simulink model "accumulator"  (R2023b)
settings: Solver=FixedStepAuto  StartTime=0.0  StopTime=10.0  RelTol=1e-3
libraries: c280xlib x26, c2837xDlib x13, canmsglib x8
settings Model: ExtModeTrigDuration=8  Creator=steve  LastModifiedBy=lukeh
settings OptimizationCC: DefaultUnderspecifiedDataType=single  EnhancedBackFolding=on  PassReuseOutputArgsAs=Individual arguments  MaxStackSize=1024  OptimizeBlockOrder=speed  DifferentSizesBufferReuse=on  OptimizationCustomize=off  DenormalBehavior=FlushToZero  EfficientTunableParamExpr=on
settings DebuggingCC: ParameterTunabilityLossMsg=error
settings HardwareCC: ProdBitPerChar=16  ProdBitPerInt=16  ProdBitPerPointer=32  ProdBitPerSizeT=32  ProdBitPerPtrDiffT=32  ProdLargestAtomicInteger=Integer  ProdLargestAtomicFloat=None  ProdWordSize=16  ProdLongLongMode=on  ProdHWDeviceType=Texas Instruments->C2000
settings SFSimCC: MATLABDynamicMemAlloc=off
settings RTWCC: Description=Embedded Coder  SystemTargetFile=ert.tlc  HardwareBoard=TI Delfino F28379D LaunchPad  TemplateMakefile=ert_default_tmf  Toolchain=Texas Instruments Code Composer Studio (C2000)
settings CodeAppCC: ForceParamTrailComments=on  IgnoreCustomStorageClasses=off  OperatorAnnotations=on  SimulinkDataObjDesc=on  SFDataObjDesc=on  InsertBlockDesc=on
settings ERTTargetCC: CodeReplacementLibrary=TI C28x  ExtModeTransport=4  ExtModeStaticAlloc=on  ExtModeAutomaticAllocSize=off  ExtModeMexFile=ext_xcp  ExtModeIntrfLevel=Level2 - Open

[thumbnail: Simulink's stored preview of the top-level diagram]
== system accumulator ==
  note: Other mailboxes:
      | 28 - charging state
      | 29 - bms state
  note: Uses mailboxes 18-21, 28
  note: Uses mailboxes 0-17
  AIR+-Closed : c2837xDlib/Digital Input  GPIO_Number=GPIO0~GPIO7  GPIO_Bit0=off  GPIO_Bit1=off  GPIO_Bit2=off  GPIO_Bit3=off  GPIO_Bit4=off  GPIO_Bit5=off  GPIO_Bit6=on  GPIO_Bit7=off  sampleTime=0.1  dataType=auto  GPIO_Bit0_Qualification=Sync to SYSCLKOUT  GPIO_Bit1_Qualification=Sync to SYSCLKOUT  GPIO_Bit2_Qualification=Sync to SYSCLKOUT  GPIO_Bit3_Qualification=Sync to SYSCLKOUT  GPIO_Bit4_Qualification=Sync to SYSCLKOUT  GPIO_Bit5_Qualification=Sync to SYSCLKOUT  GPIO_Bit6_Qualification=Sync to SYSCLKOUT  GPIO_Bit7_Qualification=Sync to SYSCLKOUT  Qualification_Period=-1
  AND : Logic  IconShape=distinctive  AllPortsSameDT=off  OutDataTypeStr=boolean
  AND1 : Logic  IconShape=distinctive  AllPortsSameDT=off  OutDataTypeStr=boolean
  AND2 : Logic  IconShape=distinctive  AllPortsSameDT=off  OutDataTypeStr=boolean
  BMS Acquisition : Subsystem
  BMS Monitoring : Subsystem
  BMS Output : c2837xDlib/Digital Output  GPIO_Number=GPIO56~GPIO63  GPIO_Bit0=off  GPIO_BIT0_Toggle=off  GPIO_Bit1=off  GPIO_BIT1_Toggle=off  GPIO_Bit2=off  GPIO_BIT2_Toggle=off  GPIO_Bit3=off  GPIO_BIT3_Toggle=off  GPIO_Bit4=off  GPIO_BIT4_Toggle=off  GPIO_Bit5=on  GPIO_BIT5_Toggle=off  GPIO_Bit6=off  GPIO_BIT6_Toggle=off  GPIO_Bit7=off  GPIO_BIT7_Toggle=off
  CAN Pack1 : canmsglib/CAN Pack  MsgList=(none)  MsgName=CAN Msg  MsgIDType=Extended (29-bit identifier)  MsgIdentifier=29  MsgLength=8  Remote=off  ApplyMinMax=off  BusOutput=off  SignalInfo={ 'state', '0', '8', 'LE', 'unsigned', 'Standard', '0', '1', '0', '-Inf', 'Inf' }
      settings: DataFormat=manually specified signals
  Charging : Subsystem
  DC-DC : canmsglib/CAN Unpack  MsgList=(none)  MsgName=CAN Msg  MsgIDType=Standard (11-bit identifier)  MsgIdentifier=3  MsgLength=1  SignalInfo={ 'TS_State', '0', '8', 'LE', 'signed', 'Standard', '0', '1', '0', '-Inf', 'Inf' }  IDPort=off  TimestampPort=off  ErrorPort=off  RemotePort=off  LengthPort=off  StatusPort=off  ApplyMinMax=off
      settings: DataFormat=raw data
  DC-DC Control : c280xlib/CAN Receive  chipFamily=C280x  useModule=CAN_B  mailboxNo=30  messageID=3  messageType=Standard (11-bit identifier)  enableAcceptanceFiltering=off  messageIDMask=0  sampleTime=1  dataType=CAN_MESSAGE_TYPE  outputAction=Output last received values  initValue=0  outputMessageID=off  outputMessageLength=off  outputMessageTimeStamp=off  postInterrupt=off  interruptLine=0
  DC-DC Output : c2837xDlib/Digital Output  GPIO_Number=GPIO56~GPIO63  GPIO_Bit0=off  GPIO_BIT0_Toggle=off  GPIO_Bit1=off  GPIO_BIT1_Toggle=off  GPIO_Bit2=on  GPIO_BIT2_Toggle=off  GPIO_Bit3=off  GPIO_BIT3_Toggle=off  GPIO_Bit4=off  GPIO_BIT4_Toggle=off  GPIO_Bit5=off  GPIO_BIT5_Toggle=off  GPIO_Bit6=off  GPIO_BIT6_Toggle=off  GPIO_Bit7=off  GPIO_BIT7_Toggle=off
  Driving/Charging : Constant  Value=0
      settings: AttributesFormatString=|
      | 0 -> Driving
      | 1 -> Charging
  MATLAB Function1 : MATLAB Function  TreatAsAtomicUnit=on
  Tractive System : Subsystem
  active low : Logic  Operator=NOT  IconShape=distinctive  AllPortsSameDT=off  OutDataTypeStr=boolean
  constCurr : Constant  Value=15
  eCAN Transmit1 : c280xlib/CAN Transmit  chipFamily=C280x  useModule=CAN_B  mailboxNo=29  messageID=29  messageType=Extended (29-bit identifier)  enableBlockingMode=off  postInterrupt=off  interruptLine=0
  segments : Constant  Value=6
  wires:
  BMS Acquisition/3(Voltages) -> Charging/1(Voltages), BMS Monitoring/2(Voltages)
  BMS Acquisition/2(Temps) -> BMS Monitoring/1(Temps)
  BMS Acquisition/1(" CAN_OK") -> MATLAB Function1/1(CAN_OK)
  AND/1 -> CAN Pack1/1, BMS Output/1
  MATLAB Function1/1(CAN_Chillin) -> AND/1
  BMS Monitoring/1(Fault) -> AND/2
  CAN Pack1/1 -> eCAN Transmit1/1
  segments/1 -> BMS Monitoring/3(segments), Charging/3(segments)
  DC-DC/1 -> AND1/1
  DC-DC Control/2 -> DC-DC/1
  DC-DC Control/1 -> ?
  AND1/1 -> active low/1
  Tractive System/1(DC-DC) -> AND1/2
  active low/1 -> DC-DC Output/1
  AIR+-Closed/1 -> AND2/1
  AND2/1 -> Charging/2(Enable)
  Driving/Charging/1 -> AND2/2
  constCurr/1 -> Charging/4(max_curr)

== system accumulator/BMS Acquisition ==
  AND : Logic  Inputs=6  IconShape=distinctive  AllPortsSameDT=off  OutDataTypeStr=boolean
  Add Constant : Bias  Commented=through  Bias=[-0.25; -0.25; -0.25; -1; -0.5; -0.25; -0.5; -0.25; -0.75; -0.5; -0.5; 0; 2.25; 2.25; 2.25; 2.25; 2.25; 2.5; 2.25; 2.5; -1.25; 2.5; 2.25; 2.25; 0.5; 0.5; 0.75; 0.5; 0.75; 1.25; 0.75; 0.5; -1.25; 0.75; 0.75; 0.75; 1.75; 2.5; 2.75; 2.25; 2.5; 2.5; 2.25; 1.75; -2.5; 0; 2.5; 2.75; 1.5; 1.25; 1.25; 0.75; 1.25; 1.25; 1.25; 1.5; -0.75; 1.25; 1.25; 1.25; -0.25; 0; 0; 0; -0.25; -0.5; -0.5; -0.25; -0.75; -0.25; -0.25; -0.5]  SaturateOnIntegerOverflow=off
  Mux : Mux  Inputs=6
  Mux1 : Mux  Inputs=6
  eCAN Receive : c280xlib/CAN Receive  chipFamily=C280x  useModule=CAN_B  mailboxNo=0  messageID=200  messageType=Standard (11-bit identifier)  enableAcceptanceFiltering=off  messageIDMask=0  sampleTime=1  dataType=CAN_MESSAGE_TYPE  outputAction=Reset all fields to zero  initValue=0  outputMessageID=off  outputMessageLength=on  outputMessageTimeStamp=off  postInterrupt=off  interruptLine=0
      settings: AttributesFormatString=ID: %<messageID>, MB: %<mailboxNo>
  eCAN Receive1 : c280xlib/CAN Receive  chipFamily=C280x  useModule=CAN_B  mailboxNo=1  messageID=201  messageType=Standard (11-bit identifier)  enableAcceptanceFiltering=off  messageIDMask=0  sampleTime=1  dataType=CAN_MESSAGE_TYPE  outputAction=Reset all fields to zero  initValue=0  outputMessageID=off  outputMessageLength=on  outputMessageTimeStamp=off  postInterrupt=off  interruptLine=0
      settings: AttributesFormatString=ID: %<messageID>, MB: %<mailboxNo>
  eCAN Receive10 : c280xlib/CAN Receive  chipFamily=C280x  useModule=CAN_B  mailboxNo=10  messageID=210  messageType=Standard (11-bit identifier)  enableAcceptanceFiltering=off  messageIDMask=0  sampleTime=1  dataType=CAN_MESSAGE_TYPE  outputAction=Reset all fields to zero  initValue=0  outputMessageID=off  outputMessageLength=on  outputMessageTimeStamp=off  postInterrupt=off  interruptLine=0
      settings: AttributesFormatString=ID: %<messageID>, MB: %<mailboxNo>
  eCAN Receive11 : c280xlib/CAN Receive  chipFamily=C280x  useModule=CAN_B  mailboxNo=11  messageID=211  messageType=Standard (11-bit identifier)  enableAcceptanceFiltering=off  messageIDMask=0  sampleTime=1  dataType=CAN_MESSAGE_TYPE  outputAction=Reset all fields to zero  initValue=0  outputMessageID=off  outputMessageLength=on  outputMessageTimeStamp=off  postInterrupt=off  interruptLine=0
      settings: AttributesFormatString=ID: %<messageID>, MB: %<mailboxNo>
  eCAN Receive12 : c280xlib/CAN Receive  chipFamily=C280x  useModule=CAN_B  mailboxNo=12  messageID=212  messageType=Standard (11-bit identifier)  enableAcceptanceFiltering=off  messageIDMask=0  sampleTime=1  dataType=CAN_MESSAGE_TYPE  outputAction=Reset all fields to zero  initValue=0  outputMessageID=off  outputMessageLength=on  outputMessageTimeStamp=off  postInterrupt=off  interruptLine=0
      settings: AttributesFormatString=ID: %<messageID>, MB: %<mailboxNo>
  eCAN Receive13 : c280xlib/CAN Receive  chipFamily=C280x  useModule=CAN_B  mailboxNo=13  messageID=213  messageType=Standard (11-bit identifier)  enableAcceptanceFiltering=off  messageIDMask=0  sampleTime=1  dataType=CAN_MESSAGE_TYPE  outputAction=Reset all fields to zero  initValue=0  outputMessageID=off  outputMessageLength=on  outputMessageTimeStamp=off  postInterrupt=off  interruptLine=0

## ASSIGNMENT
Beginning with the line containing "DC-DC Control/2 -> DC-DC/1" and ending with the line containing "system accumulator/BMS Acquisition", extract those lines exactly from the listing above, and only those.

## REPLY TO THE EXERCISE
  DC-DC Control/2 -> DC-DC/1
  DC-DC Control/1 -> ?
  AND1/1 -> active low/1
  Tractive System/1(DC-DC) -> AND1/2
  active low/1 -> DC-DC Output/1
  AIR+-Closed/1 -> AND2/1
  AND2/1 -> Charging/2(Enable)
  Driving/Charging/1 -> AND2/2
  constCurr/1 -> Charging/4(max_curr)

== system accumulator/BMS Acquisition ==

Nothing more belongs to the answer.